Wrap subscriber handlers with DLQ-aware error handling:

dlq = DeadLetterQueue()

def safe_handler(event: Event) -> None:
    try:
        process_event(event)
    except Exception as e:
        dlq.add(event, e, attempt=1)

bus.subscribe(EventType.COMPLIANCE_CHECK_COMPLETED, safe_handler)

Circuit Breakers

When a downstream service is unavailable, a circuit breaker prevents cascading failures by short-circuiting event delivery.

Circuit Breaker States

CLOSED ──[failure threshold exceeded]──► OPEN
   ▲                                        │
   │                                        │
   └──[success after half-open]──── HALF_OPEN ◄──[timeout elapsed]
State Behavior
CLOSED Normal operation; events delivered to handlers
OPEN Events bypassed; handler not called
HALF_OPEN One test event allowed; success closes, failure re-opens

Implementation Pattern

import time

class CircuitBreaker:
    def __init__(self, failure_threshold: int = 5, timeout: float = 60.0):
        self._failures = 0
        self._threshold = failure_threshold
        self._timeout = timeout
        self._state = "closed"
        self._opened_at: float = 0.0

    def call(self, func, *args, **kwargs):
        if self._state == "open":
            if time.time() - self._opened_at > self._timeout:
                self._state = "half_open"
            else:
                raise RuntimeError("Circuit breaker is open")

        try:
            result = func(*args, **kwargs)
            if self._state == "half_open":
                self._state = "closed"
                self._failures = 0
            return result
        except Exception:
            self._failures += 1
            if self._failures >= self._threshold:
                self._state = "open"
                self._opened_at = time.time()
            raise

    @property
    def state(self) -> str:
        return self._state

Event Replay Strategies

Full Replay

Replay all events in order for debugging or state reconstruction:

from fcc.messaging.serialization import EventReplay

replay = EventReplay.from_file("events.jsonl")
for event in replay:
    bus.publish(event)

Filtered Replay

Replay only events matching specific criteria:

compliance_events = [
    e for e in replay
    if e.event_type in (
        EventType.COMPLIANCE_CHECK_STARTED,
        EventType.COMPLIANCE_CHECK_COMPLETED,
    )
]

Point-in-Time Replay

Replay events up to a specific timestamp:

cutoff = "2026-03-31T12:00:00Z"
events_before_cutoff = [e for e in replay if e.timestamp < cutoff]

Messaging Anti-Patterns

Anti-Pattern Problem Solution
Fire-and-forget without DLQ Lost events on handler failure Always use DLQ
Unbounded subscriber lists Memory growth Unsubscribe inactive handlers
Synchronous cross-service calls Blocking and fragile Use async events
No event versioning Breaking changes Add version field to events

Lab Exercise

Lab 23.1: Implement a PriorityEventQueue and process 10 events of mixed priority. Verify that CRITICAL events are processed first.
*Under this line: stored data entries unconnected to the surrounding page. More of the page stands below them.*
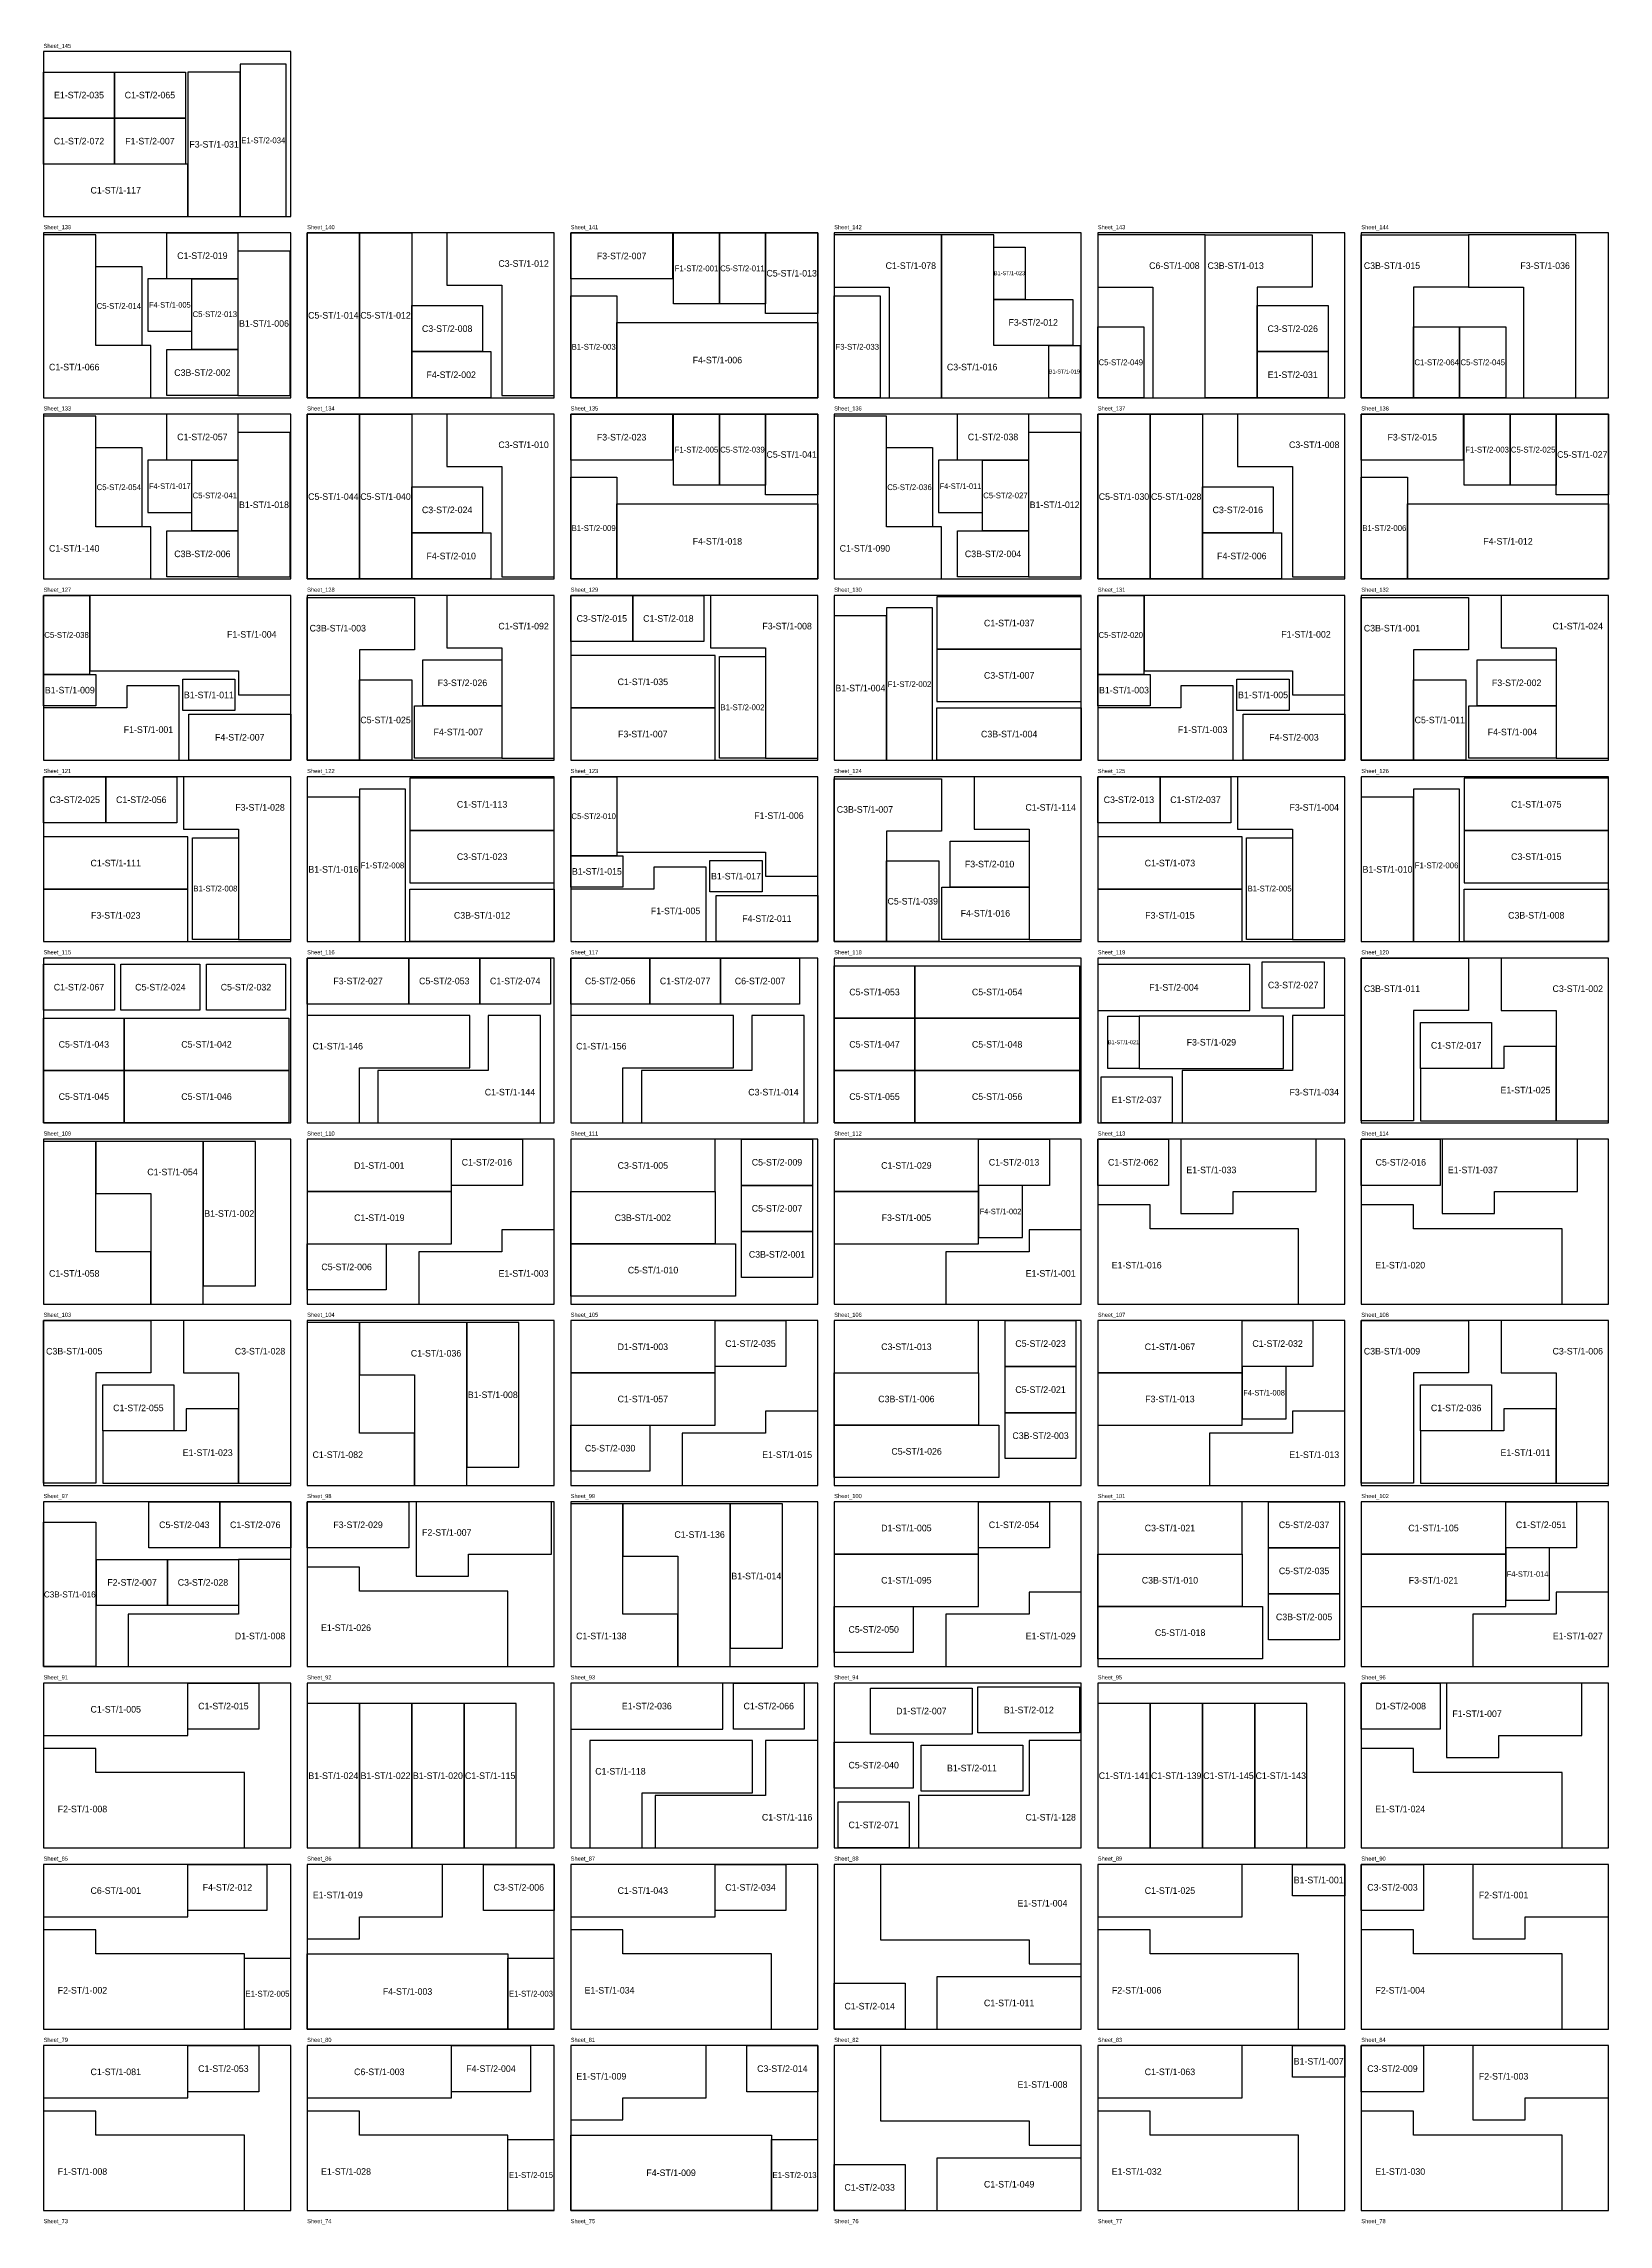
# Model space of a CAD drawing. Header units: millimetres. Extents: x 0 to 19000, y 0 to 54898.
# Drawn here: x 0 to 19000, y 28431 to 54898 of the extents above; entities that cross this region are included whole.
import ezdxf
from ezdxf.enums import TextEntityAlignment as Align

# ---------------------------------------------------------------- set-up
doc = ezdxf.new("R2010")
doc.units = ezdxf.units.MM
for name, color, linetype in [('NUMBERS', 7, 'Continuous'), ('OUTER', 7, 'Continuous'), ('SHEET_BORDER', 7, 'Continuous')]:
    doc.layers.add(name, color=color, linetype=linetype)

msp = doc.modelspace()

# ---------------------------------------------------------------- linework, layer by layer
at = {"layer": 'OUTER'}
for points in [[(0, 54553), (860, 54553), (860, 53994), (0, 53994), (0, 54553)], [(1721, 53994), (860, 53994), (860, 54553), (1721, 54553), (1721, 53994)], [(2388, 52800), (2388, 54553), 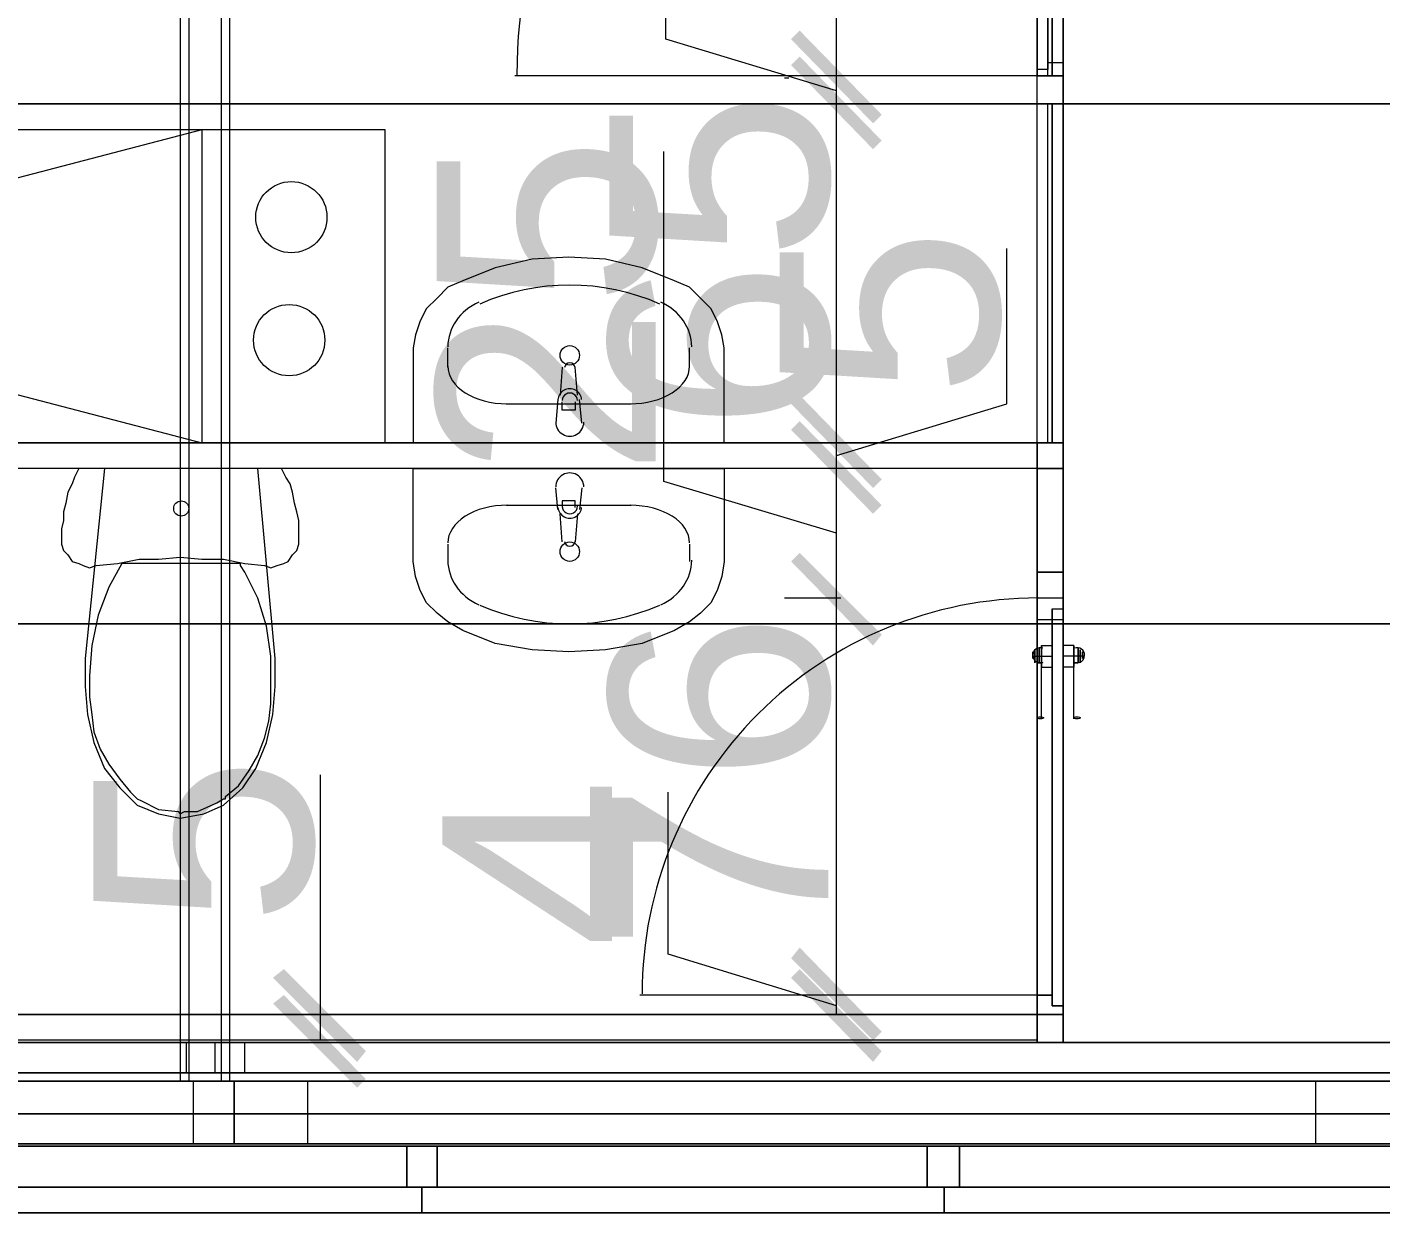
# Model space of a CAD drawing. Header units: centimetres. Extents: x 2816 to 28192, y 2553 to 18332.
# Drawn here: x 7308 to 7967, y 5326 to 5904 of the extents above; entities that cross this region are included whole.
import ezdxf

# ---------------------------------------------------------------- set-up
doc = ezdxf.new("R2010")
doc.units = ezdxf.units.CM
for name, color, linetype in [('PDF_0', 7, 'Continuous'), ('PDF_Dera 3D', 7, 'Continuous'), ('PDF_Dimenzionimi', 7, 'Continuous'), ('PDF_Dyert dhe Dritaret 2D', 7, 'Continuous'), ('PDF_Faza', 1, 'Continuous'), ('PDF_Interior - Furniture _Pen_No__75', 6, 'Continuous'), ('PDF_Kaprijatat', 7, 'Continuous'), ('PDF_Muri', 7, 'Continuous'), ('PDF_Paneli', 30, 'Continuous'), ('PDF_Paneli Banjos', 4, 'Continuous'), ('PDF_Shtyllat e Paneleve', 7, 'Continuous'), ('PDF_Themeli', 7, 'Continuous'), ('PDF_Trajet', 7, 'Continuous')]:
    doc.layers.add(name, color=color, linetype=linetype)
doc.layers.add('PDF_Interior - Furniture _Pen_No__4', color=7, linetype='Continuous', true_color=0x029e21)
doc.layers.add('PDF_Panel Kulmii', color=7, linetype='Continuous', true_color=0xfafafa)
doc.styles.add('PDF Arial', font='arial.ttf')

msp = doc.modelspace()

# ---------------------------------------------------------------- linework, layer by layer
at = {"layer": 'PDF_0', "transparency": 33554559}
for points in [[(7723.8, 5860.87), (7679.66, 5897.66), (7683.86, 5901.87)], [(7683.86, 5901.87), (7679.66, 5897.66), (7723.8, 5860.87)], [(7719.6, 5856.67), (7723.8, 5860.87), (7679.66, 5897.66)], [(7679.66, 5897.66), (7723.8, 5860.87), (7719.6, 5856.67)], [(7723.8, 5848.26), (7679.66, 5885.05), (7683.86, 5889.25)], [(7683.86, 5889.25), (7679.66, 5885.05), (7723.8, 5848.26)], [(7719.6, 5844.06), (7723.8, 5848.26), (7679.66, 5885.05)], [(7679.66, 5885.05), (7723.8, 5848.26), (7719.6, 5844.06)], [(7723.8, 5683.24), (7679.66, 5720.03), (7683.86, 5724.24)], [(7683.86, 5724.24), (7679.66, 5720.03), (7723.8, 5683.24)], [(7719.6, 5679.04), (7723.8, 5683.24), (7679.66, 5720.03)], [(7679.66, 5720.03), (7723.8, 5683.24), (7719.6, 5679.04)], [(7723.8, 5670.63), (7679.66, 5707.42), (7683.86, 5711.62)], [(7683.86, 5711.62), (7679.66, 5707.42), (7723.8, 5670.63)], [(7719.6, 5666.43), (7723.8, 5670.63), (7679.66, 5707.42)], [(7679.66, 5707.42), (7723.8, 5670.63), (7719.6, 5666.43)], [(7723.8, 5607.57), (7679.66, 5643.3), (7683.86, 5647.51)], [(7683.86, 5647.51), (7679.66, 5643.3), (7723.8, 5607.57)], [(7719.6, 5602.31), (7723.8, 5607.57), (7679.66, 5643.3)], [(7679.66, 5643.3), (7723.8, 5607.57), (7719.6, 5602.31)], [(7723.8, 5414.17), (7679.66, 5449.91), (7683.86, 5455.16)], [(7683.86, 5455.16), (7679.66, 5449.91), (7723.8, 5414.17)], [(7719.6, 5409.97), (7723.8, 5414.17), (7679.66, 5449.91)], [(7679.66, 5449.91), (7723.8, 5414.17), (7719.6, 5409.97)], [(7472.6, 5404.71), (7427.4, 5440.45), (7432.66, 5444.65)], [(7468.4, 5399.46), (7472.6, 5404.71), (7427.4, 5440.45)], [(7683.86, 5444.65), (7679.66, 5440.45), (7723.8, 5404.71)], [(7679.66, 5440.45), (7723.8, 5404.71), (7719.6, 5399.46)], [(7432.66, 5432.04), (7427.4, 5427.83), (7472.6, 5391.05)], [(7427.4, 5427.83), (7472.6, 5391.05), (7468.4, 5386.84)]]:
    msp.add_solid(points, dxfattribs=at)
at = {"layer": 'PDF_Dera 3D', "lineweight": 0}
for points in [[(7799.48, 6133.1), (7799.48, 5879.79), (7812.09, 5879.79)], [(7804.74, 6129.95), (7804.74, 5882.94), (7799.48, 5882.94), (7799.48, 6129.95), (7799.48, 6133.1)], [(7812.09, 6133.1), (7812.09, 5879.79), (7812.09, 5886.1)], [(7804.74, 5882.94), (7804.74, 6129.95), (7799.48, 6129.95), (7799.48, 5882.94)], [(7804.74, 6129.95), (7804.74, 5882.94), (7799.48, 5882.94), (7799.48, 6129.95), (7804.74, 6129.95)], [(7812.09, 6126.79), (7812.09, 5886.1), (7804.74, 5886.1)], [(7804.74, 6126.79), (7804.74, 5886.1), (7804.74, 5882.94)], [(7804.74, 5882.94), (7799.48, 5882.94)], [(7799.48, 5879.79), (7799.48, 5882.94)], [(7799.48, 5882.94), (7799.48, 5882.94)], [(7799.48, 5882.94), (7799.48, 5882.94)], [(7804.74, 5882.94), (7799.48, 5882.94)], [(7799.48, 5882.94), (7799.48, 5882.94)], [(7799.48, 5882.94), (7799.48, 5882.94)], [(7812.09, 5886.1), (7804.74, 5886.1)], [(7804.74, 5886.1), (7804.74, 5886.1)], [(7804.74, 5886.1), (7804.74, 5886.1)], [(7804.74, 5882.94), (7804.74, 5882.94)], [(7804.74, 5882.94), (7804.74, 5882.94)], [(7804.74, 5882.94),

Lab 23.2: Create a DeadLetterQueue, simulate 5 handler failures, and retry them. Verify that events exceeding max retries stay in the DLQ.

Lab 23.3: Build a simple circuit breaker. Trigger 5 failures to open it, wait for the timeout, and verify it enters HALF_OPEN state.

Summary

  • Priority queues ensure critical events (compliance violations, errors) are processed before routine events.
  • Dead-letter queues capture failed events for retry and forensic analysis.
  • Circuit breakers prevent cascading failures when downstream services are unavailable.
  • Event replay supports debugging, state reconstruction, and compliance auditing through full, filtered, and point-in-time strategies.